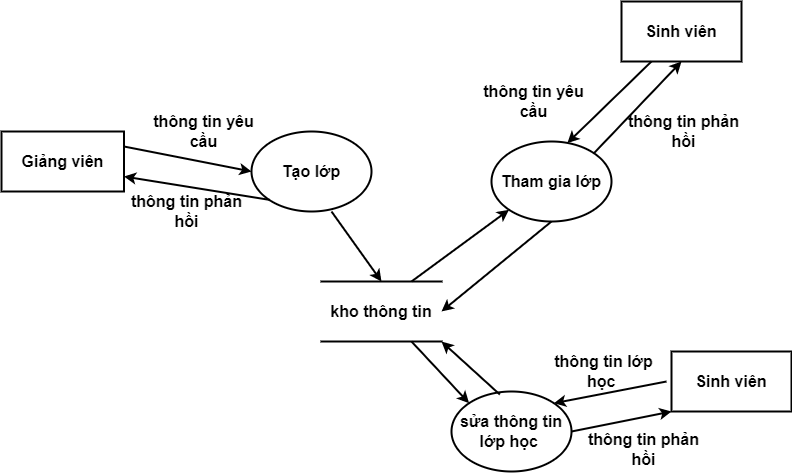

The diagram above was exported from draw.io. Its source (the exported page's mxGraphModel, read from the mxfile embedded in the PNG):
<mxGraphModel dx="3197" dy="1175" grid="1" gridSize="10" guides="1" tooltips="1" connect="1" arrows="1" fold="1" page="1" pageScale="1" pageWidth="827" pageHeight="1169" math="0" shadow="0">
  <root>
    <mxCell id="0" />
    <mxCell id="1" parent="0" />
    <mxCell id="2" value="Sinh viên" style="rounded=0;whiteSpace=wrap;html=1;fontSize=16;fontStyle=1;strokeWidth=2;" vertex="1" parent="1">
      <mxGeometry x="610" y="170" width="120" height="60" as="geometry" />
    </mxCell>
    <mxCell id="3" value="Giảng viên" style="rounded=0;whiteSpace=wrap;html=1;fontSize=16;fontStyle=1;strokeWidth=2;" vertex="1" parent="1">
      <mxGeometry x="-10" y="300" width="122.5" height="60" as="geometry" />
    </mxCell>
    <mxCell id="4" value="kho thông tin" style="shape=partialRectangle;whiteSpace=wrap;html=1;left=0;right=0;fillColor=none;fontSize=16;fontStyle=1;strokeWidth=2;" vertex="1" parent="1">
      <mxGeometry x="310" y="450" width="120" height="60" as="geometry" />
    </mxCell>
    <mxCell id="5" value="thông tin yêu cầu" style="text;html=1;strokeColor=none;fillColor=none;align=center;verticalAlign=middle;whiteSpace=wrap;rounded=0;fontSize=16;fontStyle=1;strokeWidth=2;" vertex="1" parent="1">
      <mxGeometry x="130" y="290" width="125" height="20" as="geometry" />
    </mxCell>
    <mxCell id="6" value="&lt;span style=&quot;font-size: 16px;&quot;&gt;Tạo lớp&lt;/span&gt;" style="ellipse;whiteSpace=wrap;html=1;fontSize=16;fontStyle=1;strokeWidth=2;" vertex="1" parent="1">
      <mxGeometry x="240" y="300" width="120" height="80" as="geometry" />
    </mxCell>
    <mxCell id="7" value="&lt;span style=&quot;font-size: 16px;&quot;&gt;Tham gia lớp&lt;/span&gt;" style="ellipse;whiteSpace=wrap;html=1;fontSize=16;fontStyle=1;strokeWidth=2;" vertex="1" parent="1">
      <mxGeometry x="480" y="310" width="120" height="80" as="geometry" />
    </mxCell>
    <mxCell id="8" value="" style="endArrow=classic;html=1;entryX=0;entryY=0.5;entryDx=0;entryDy=0;exitX=1;exitY=0.25;exitDx=0;exitDy=0;fontSize=16;fontStyle=1;strokeWidth=2;" edge="1" source="3" target="6" parent="1">
      <mxGeometry width="50" height="50" relative="1" as="geometry">
        <mxPoint x="280" y="310" as="sourcePoint" />
        <mxPoint x="330" y="260" as="targetPoint" />
      </mxGeometry>
    </mxCell>
    <mxCell id="9" value="" style="endArrow=classic;html=1;entryX=1;entryY=0.75;entryDx=0;entryDy=0;exitX=0;exitY=1;exitDx=0;exitDy=0;fontSize=16;fontStyle=1;strokeWidth=2;" edge="1" source="6" target="3" parent="1">
      <mxGeometry width="50" height="50" relative="1" as="geometry">
        <mxPoint x="280" y="310" as="sourcePoint" />
        <mxPoint x="330" y="260" as="targetPoint" />
      </mxGeometry>
    </mxCell>
    <mxCell id="10" value="thông tin phản hồi" style="text;html=1;strokeColor=none;fillColor=none;align=center;verticalAlign=middle;whiteSpace=wrap;rounded=0;fontSize=16;fontStyle=1;strokeWidth=2;" vertex="1" parent="1">
      <mxGeometry x="112.5" y="370" width="125" height="20" as="geometry" />
    </mxCell>
    <mxCell id="11" value="" style="endArrow=classic;html=1;fontSize=16;fontStyle=1;strokeWidth=2;" edge="1" parent="1">
      <mxGeometry width="50" height="50" relative="1" as="geometry">
        <mxPoint x="320" y="380" as="sourcePoint" />
        <mxPoint x="370" y="450" as="targetPoint" />
      </mxGeometry>
    </mxCell>
    <mxCell id="12" value="" style="endArrow=classic;html=1;entryX=0;entryY=1;entryDx=0;entryDy=0;exitX=0.75;exitY=0;exitDx=0;exitDy=0;fontSize=16;fontStyle=1;strokeWidth=2;" edge="1" source="4" target="7" parent="1">
      <mxGeometry width="50" height="50" relative="1" as="geometry">
        <mxPoint x="280" y="310" as="sourcePoint" />
        <mxPoint x="330" y="260" as="targetPoint" />
      </mxGeometry>
    </mxCell>
    <mxCell id="13" value="" style="endArrow=classic;html=1;entryX=1;entryY=0.5;entryDx=0;entryDy=0;exitX=0.5;exitY=1;exitDx=0;exitDy=0;fontSize=16;fontStyle=1;strokeWidth=2;" edge="1" source="7" target="4" parent="1">
      <mxGeometry width="50" height="50" relative="1" as="geometry">
        <mxPoint x="280" y="310" as="sourcePoint" />
        <mxPoint x="330" y="260" as="targetPoint" />
      </mxGeometry>
    </mxCell>
    <mxCell id="14" value="thông tin yêu cầu" style="text;html=1;strokeColor=none;fillColor=none;align=center;verticalAlign=middle;whiteSpace=wrap;rounded=0;fontSize=16;fontStyle=1;strokeWidth=2;" vertex="1" parent="1">
      <mxGeometry x="460" y="260" width="125" height="20" as="geometry" />
    </mxCell>
    <mxCell id="15" value="thông tin phản hồi" style="text;html=1;strokeColor=none;fillColor=none;align=center;verticalAlign=middle;whiteSpace=wrap;rounded=0;fontSize=16;fontStyle=1;strokeWidth=2;" vertex="1" parent="1">
      <mxGeometry x="610" y="290" width="125" height="20" as="geometry" />
    </mxCell>
    <mxCell id="16" value="" style="endArrow=classic;html=1;entryX=0.632;entryY=0.02;entryDx=0;entryDy=0;entryPerimeter=0;exitX=0.25;exitY=1;exitDx=0;exitDy=0;fontSize=16;fontStyle=1;strokeWidth=2;" edge="1" source="2" target="7" parent="1">
      <mxGeometry width="50" height="50" relative="1" as="geometry">
        <mxPoint x="280" y="310" as="sourcePoint" />
        <mxPoint x="330" y="260" as="targetPoint" />
      </mxGeometry>
    </mxCell>
    <mxCell id="17" value="" style="endArrow=classic;html=1;entryX=0.5;entryY=1;entryDx=0;entryDy=0;exitX=1;exitY=0;exitDx=0;exitDy=0;fontSize=16;fontStyle=1;strokeWidth=2;" edge="1" source="7" target="2" parent="1">
      <mxGeometry width="50" height="50" relative="1" as="geometry">
        <mxPoint x="280" y="310" as="sourcePoint" />
        <mxPoint x="330" y="260" as="targetPoint" />
      </mxGeometry>
    </mxCell>
    <mxCell id="18" value="&lt;span style=&quot;font-size: 16px;&quot;&gt;sửa thông tin lớp học&amp;nbsp;&lt;/span&gt;" style="ellipse;whiteSpace=wrap;html=1;fontSize=16;fontStyle=1;strokeWidth=2;" vertex="1" parent="1">
      <mxGeometry x="440" y="560" width="120" height="80" as="geometry" />
    </mxCell>
    <mxCell id="19" value="" style="endArrow=classic;html=1;entryX=0;entryY=0;entryDx=0;entryDy=0;exitX=0.75;exitY=1;exitDx=0;exitDy=0;fontSize=16;fontStyle=1;strokeWidth=2;" edge="1" source="4" target="18" parent="1">
      <mxGeometry width="50" height="50" relative="1" as="geometry">
        <mxPoint x="380" y="460" as="sourcePoint" />
        <mxPoint x="430" y="410" as="targetPoint" />
      </mxGeometry>
    </mxCell>
    <mxCell id="20" value="Sinh viên" style="rounded=0;whiteSpace=wrap;html=1;fontSize=16;fontStyle=1;strokeWidth=2;" vertex="1" parent="1">
      <mxGeometry x="660" y="520" width="120" height="60" as="geometry" />
    </mxCell>
    <mxCell id="21" value="thông tin lớp học&amp;nbsp;" style="text;html=1;strokeColor=none;fillColor=none;align=center;verticalAlign=middle;whiteSpace=wrap;rounded=0;fontSize=16;fontStyle=1;strokeWidth=2;" vertex="1" parent="1">
      <mxGeometry x="530" y="530" width="125" height="20" as="geometry" />
    </mxCell>
    <mxCell id="22" value="thông tin phản hồi" style="text;html=1;strokeColor=none;fillColor=none;align=center;verticalAlign=middle;whiteSpace=wrap;rounded=0;fontSize=16;fontStyle=1;strokeWidth=2;" vertex="1" parent="1">
      <mxGeometry x="570" y="608.28" width="125" height="20" as="geometry" />
    </mxCell>
    <mxCell id="23" value="" style="endArrow=classic;html=1;entryX=1;entryY=0;entryDx=0;entryDy=0;exitX=1;exitY=1;exitDx=0;exitDy=0;fontSize=16;fontStyle=1;strokeWidth=2;" edge="1" source="21" target="18" parent="1">
      <mxGeometry width="50" height="50" relative="1" as="geometry">
        <mxPoint x="372" y="628.28" as="sourcePoint" />
        <mxPoint x="647.8400000000001" y="629.8799999999999" as="targetPoint" />
      </mxGeometry>
    </mxCell>
    <mxCell id="24" value="" style="endArrow=classic;html=1;entryX=0;entryY=1;entryDx=0;entryDy=0;exitX=1;exitY=0.5;exitDx=0;exitDy=0;fontSize=16;fontStyle=1;strokeWidth=2;" edge="1" source="18" target="20" parent="1">
      <mxGeometry width="50" height="50" relative="1" as="geometry">
        <mxPoint x="674.4264068711927" y="639.9957287525383" as="sourcePoint" />
        <mxPoint x="422" y="578.28" as="targetPoint" />
      </mxGeometry>
    </mxCell>
    <mxCell id="25" value="" style="endArrow=classic;html=1;entryX=1;entryY=1;entryDx=0;entryDy=0;exitX=0.403;exitY=0.038;exitDx=0;exitDy=0;exitPerimeter=0;fontSize=16;fontStyle=1;strokeWidth=2;" edge="1" source="18" target="4" parent="1">
      <mxGeometry width="50" height="50" relative="1" as="geometry">
        <mxPoint x="220" y="310" as="sourcePoint" />
        <mxPoint x="270" y="260" as="targetPoint" />
      </mxGeometry>
    </mxCell>
  </root>
</mxGraphModel>

▸ **Task objective**: Out of the records, collect only those lines that contain the string "page".

▸ **Result below**:
The diagram above was exported from draw.io. Its source (the exported page's mxGraphModel, read from the mxfile embedded in the PNG):
<mxGraphModel dx="3197" dy="1175" grid="1" gridSize="10" guides="1" tooltips="1" connect="1" arrows="1" fold="1" page="1" pageScale="1" pageWidth="827" pageHeight="1169" math="0" shadow="0">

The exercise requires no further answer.